С Галочкой Давыдовой он познакомился в доме отдыха. Она была философиней, окончила филфак МГУ и работала сейчас в Институте философии Академии наук. Они оказались за одним столиком. Знакомство продолжилось в Москве. Они назначали друг другу свидания, холили в кино. Однажды она пригласила его домой. Жила она в маленькой комнатушке, в коммуналке на Садово-Кудринской как раз против того места, где Аннушка разлила масло, и трамваем отрезало голову бедному Берлаге. Однажды они попали на «Физиков» Дюренмата, после чего его акции как-то явно возросли. Впрочем, они оба были взволнованы этим произведением и страшной силой воображения, которую может иметь истинный и искренний писатель. Дома она поила его кофе, тогда он еще был до смешного дешевым, из маленьких интеллигентских чашечек. Они были молоды, беседовали о философии, о Гегеле, в то время именно им на нем она пыталась улучшить свое благосостояние, о Сартре, на котором улучшить благосостояние было нельзя, Камю, они находили общие темы, им было интересно вдвоем, кое-что он читал, например, Богданова, которого он очень высоко ставил как прекраснейшего натурфилософа, одновременно издеваясь над «Материализмом и эмпириокритицизмом», считая сей опус пародией на философию, чем приводил ее в смущение.
— Галочка, — горячился он, — разве это ж философия — Вот он приводит высказывание, к примеру, Пуанкаре, а следом — Маркса и говорит, это Марксу противоречит. Но что из этого следует — Для него все. Но ведь не на Марксе надо проверять справедливость мысли или наблюдения, а на жизни, опыте, на практике. А иначе это проституция, а не философия.
Но больше все-таки он домысливал, по крупинкам, по случайным обрывкам, как Кювье по косточке, это он умел, ибо любил мыслить, хотя, впрочем, в то время это были абсолютно бесплодные мысли, они постоянно приходили, он их прокручивал, что-то решал для себя, но затем это уходило и терялось в извивах памяти и, казалось, навсегда. Записывать хоть что-нибудь — в то время у него даже мысли такой не было, не казалось ему, что в его мыслях может содержаться нечто интересное для других, ему казалось, что все это вполне обычная человеческая мыслительная деятельность как форма жизненного существования, ибо «я мыслю
значит, существую», но, по-видимому, верно и обратное «я существую, эрго, я мыслю». Мысль, что в его мыслях может содержаться нечто более ценное, чем аргументы для бесконечных студенческих споров, как-то не приходила ему в голову. Это был инкубационный период. Но с Галочкой его мысли могли свободно изливаться, наталкиваясь либо на понимание и согласие, либо на отталкивание, но также с пониманием, ее мир философии, правда, достаточно замшелый, как это он установил достаточно быстро, впрочем, как и вся «передовая» социалистическая философия того времени, был все-таки интересен ему хотя бы даже в информационном плане. С нею он не испытывал тяжести общения, как почти со всеми девицами ранее, Она уже побывала замужем, ее бывший муж был видным педагогом, восходящим светилом, его ультрареволюционные программы, по которым дети уже в третьем классе писали символ «икс», уже начинали внедряться в школах. У нее была дочка, которая, правда, в основном жила у ее родителей. Галочка была на пару лет его старше, но в чем-то он ощущал себя старше и опытней ее.
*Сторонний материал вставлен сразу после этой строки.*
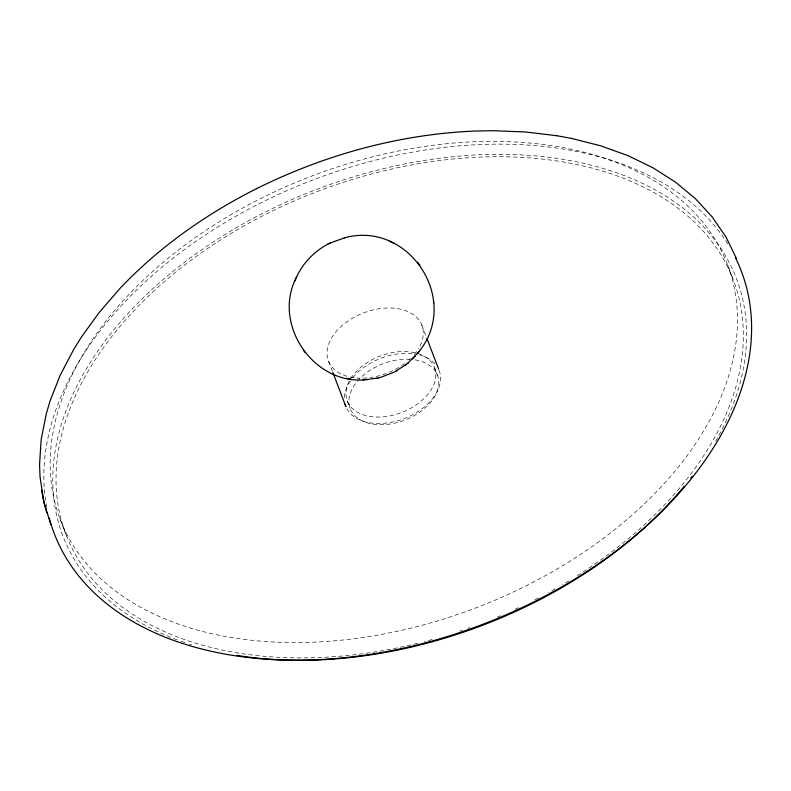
<?xml version="1.0" encoding="UTF-8"?>
<svg xmlns="http://www.w3.org/2000/svg" width="791" height="791" viewBox="0 0 791 791"><rect width="100%" height="100%" fill="white"/><g stroke="black" fill="none" stroke-linecap="round" stroke-linejoin="round"><path stroke-width="0.59" stroke-dasharray="3.96 2.97" d="M727.75 265.311A357.137 230.992 -20.9 0 1 297.218 642.549A357.137 230.992 -20.9 0 1 156.509 268.02A357.137 230.992 -20.9 0 1 727.75 265.311L732.802 278.551M421.741 324.903L426.072 336.244M434.566 367.716A46.709 30.206 -20.9 0 1 378.256 417.055A46.709 30.206 -20.9 0 1 359.856 368.072A46.709 30.206 -20.9 0 1 434.566 367.716L437.492 375.399M347.229 400.839L350.156 408.522M328.591 361.289L332.487 371.493M59.898 518.609L66.582 536.08M177.135 639.8A360.528 233.187 -20.9 0 1 114.626 328.868A360.528 233.187 -20.9 0 1 571.013 160.731A360.528 233.187 -20.9 0 1 715.548 441.437M191.59 644.774A360.528 233.187 -20.9 0 1 189.326 644.052M184.837 642.569A360.528 233.187 -20.9 0 1 180.417 641.007M46.798 507.427A367.746 237.854 -20.9 0 1 310.655 180.832A367.746 237.854 -20.9 0 1 727.868 244.073M417.589 643.291A357.137 230.992 -20.9 0 1 72.179 403.143A357.137 230.992 -20.9 0 1 612.521 174.287A357.137 230.992 -20.9 0 1 577.262 575.67M568.937 580.802A357.137 230.992 -20.9 0 1 562.609 584.569M555.134 588.86A357.137 230.992 -20.9 0 1 548.657 592.459M538.364 597.927A357.137 230.992 -20.9 0 1 534.241 600.033M518.56 607.666A357.137 230.992 -20.9 0 1 513.27 610.098M500.446 615.724A357.137 230.992 -20.9 0 1 497.213 617.079M469.963 627.579A357.137 230.992 -20.9 0 1 467.758 628.361M462.241 630.259A357.137 230.992 -20.9 0 1 460.026 631.01M432.173 639.494A357.137 230.992 -20.9 0 1 424.332 641.59M415.146 359.865A46.709 30.206 -20.9 0 1 419.181 412.576A46.709 30.206 -20.9 0 1 349.217 405.13A46.709 30.206 -20.9 0 1 409.441 359.252M439.064 370.247A50.011 32.342 -20.9 0 1 406.218 417.777A50.011 32.342 -20.9 0 1 346.883 408.729M344.392 397.448A50.011 32.342 -20.9 0 1 350.433 380.906M352.845 377.683A50.011 32.342 -20.9 0 1 413.851 353.854M419.774 355.04A50.011 32.342 -20.9 0 1 435.426 364.285M353.795 377.683A50.011 32.342 -20.9 0 1 332.052 337.193A50.011 32.342 -20.9 0 1 396.538 308.5A50.011 32.342 -20.9 0 1 418.281 348.999M416.649 351.451A50.011 32.342 -20.9 0 1 412.754 356.217M410.509 358.501A50.011 32.342 -20.9 0 1 408.917 359.984M404.606 363.514A50.011 32.342 -20.9 0 1 370.208 377.564M366.806 377.94A50.011 32.342 -20.9 0 1 356.929 378.019"/><path stroke-width="1.19" d="M295.636 278.976C273.043 324.923 313.454 384.08 364.443 379.858M295.785 278.65C302.192 263.937 313.78 251.548 327.988 244.093M294.707 281.102L296.684 276.603M418.528 352.173C461.371 300.372 409.026 219.977 344.312 237.854M407.543 363.455L418.31 352.45M417.213 353.854L419.695 350.69M412.427 359.074L413.495 357.957M414.266 357.146L415.413 355.94M380.283 377.485L394.304 372.126L406.495 364.295M405.605 365.027L408.542 362.644M329.877 243.134L344.817 237.725M256.551 188.673L256.61 188.644C324.686 154.759 399.673 134.055 475.777 131.019L492.575 130.703L525.026 131.939L556.735 135.706M396.499 370.959L397.013 370.682M256.61 188.644C205.986 214.134 158.872 247.257 119.876 288.557L99.102 312.603L81.453 337.006L73.573 349.662L60.165 375.32L50.228 400.543L46.362 413.466L41.172 439.549L39.55 464.465L40.034 476.874L43.812 501.83L50.822 524.552M327.533 244.33L330.203 242.956M363.148 379.917L377.871 378.078M377.307 378.217L379.858 377.594M365.847 379.789L367.004 379.739M571.488 138.415L600.804 145.851L627.876 155.609L653.02 167.821L675.366 182.049L695.289 198.561L712.266 217.011L726.118 237.231L736.678 258.993M346.498 378.316L348.366 378.662M349.296 378.83L351.056 379.146M556.468 135.656L571.764 138.465M389.498 241.275L391.535 242.204M391.911 242.382L394.017 243.351M419.991 265.361L417.599 262.246M303.398 350.284L305.019 352.39M426.942 338.508L438.629 369.12M332.912 372.62L345.904 406.633A50.011 32.342 -20.9 0 1 345.163 404.448M46.728 512.756L43.624 501.049M43.812 501.83L41.636 490.252M433.547 301.865L433.646 303.23M735.432 257.619A367.746 237.854 -20.9 0 1 481.383 624.841A367.746 237.854 -20.9 0 1 49.19 517.887M692.303 476.241A360.528 233.187 -20.9 0 1 690.889 478.08M684.314 486.297A360.528 233.187 -20.9 0 1 237.073 655.423"/></g></svg>

Ему было с ней приятно и радостно встречаться. И ему казалось, что и ей было искренне радостно с ним. Они обычно совершали длинные круги по бульварам, потом шли на Патриаршие пруды, переходили место, где Аннушка разлила масло, и заходили к ней через внутренний дворик, где у подъезда сидели неизменные старушки, которые каждый раз сканировали их взглядами, как электронными лучами, от которых она буквально съеживалась, и постоянно жаловалась ему. Он смеялся и утешал. Они ходили бульварами и говорили, говорили, спорили, смеялись, шутили. Он даже шутил.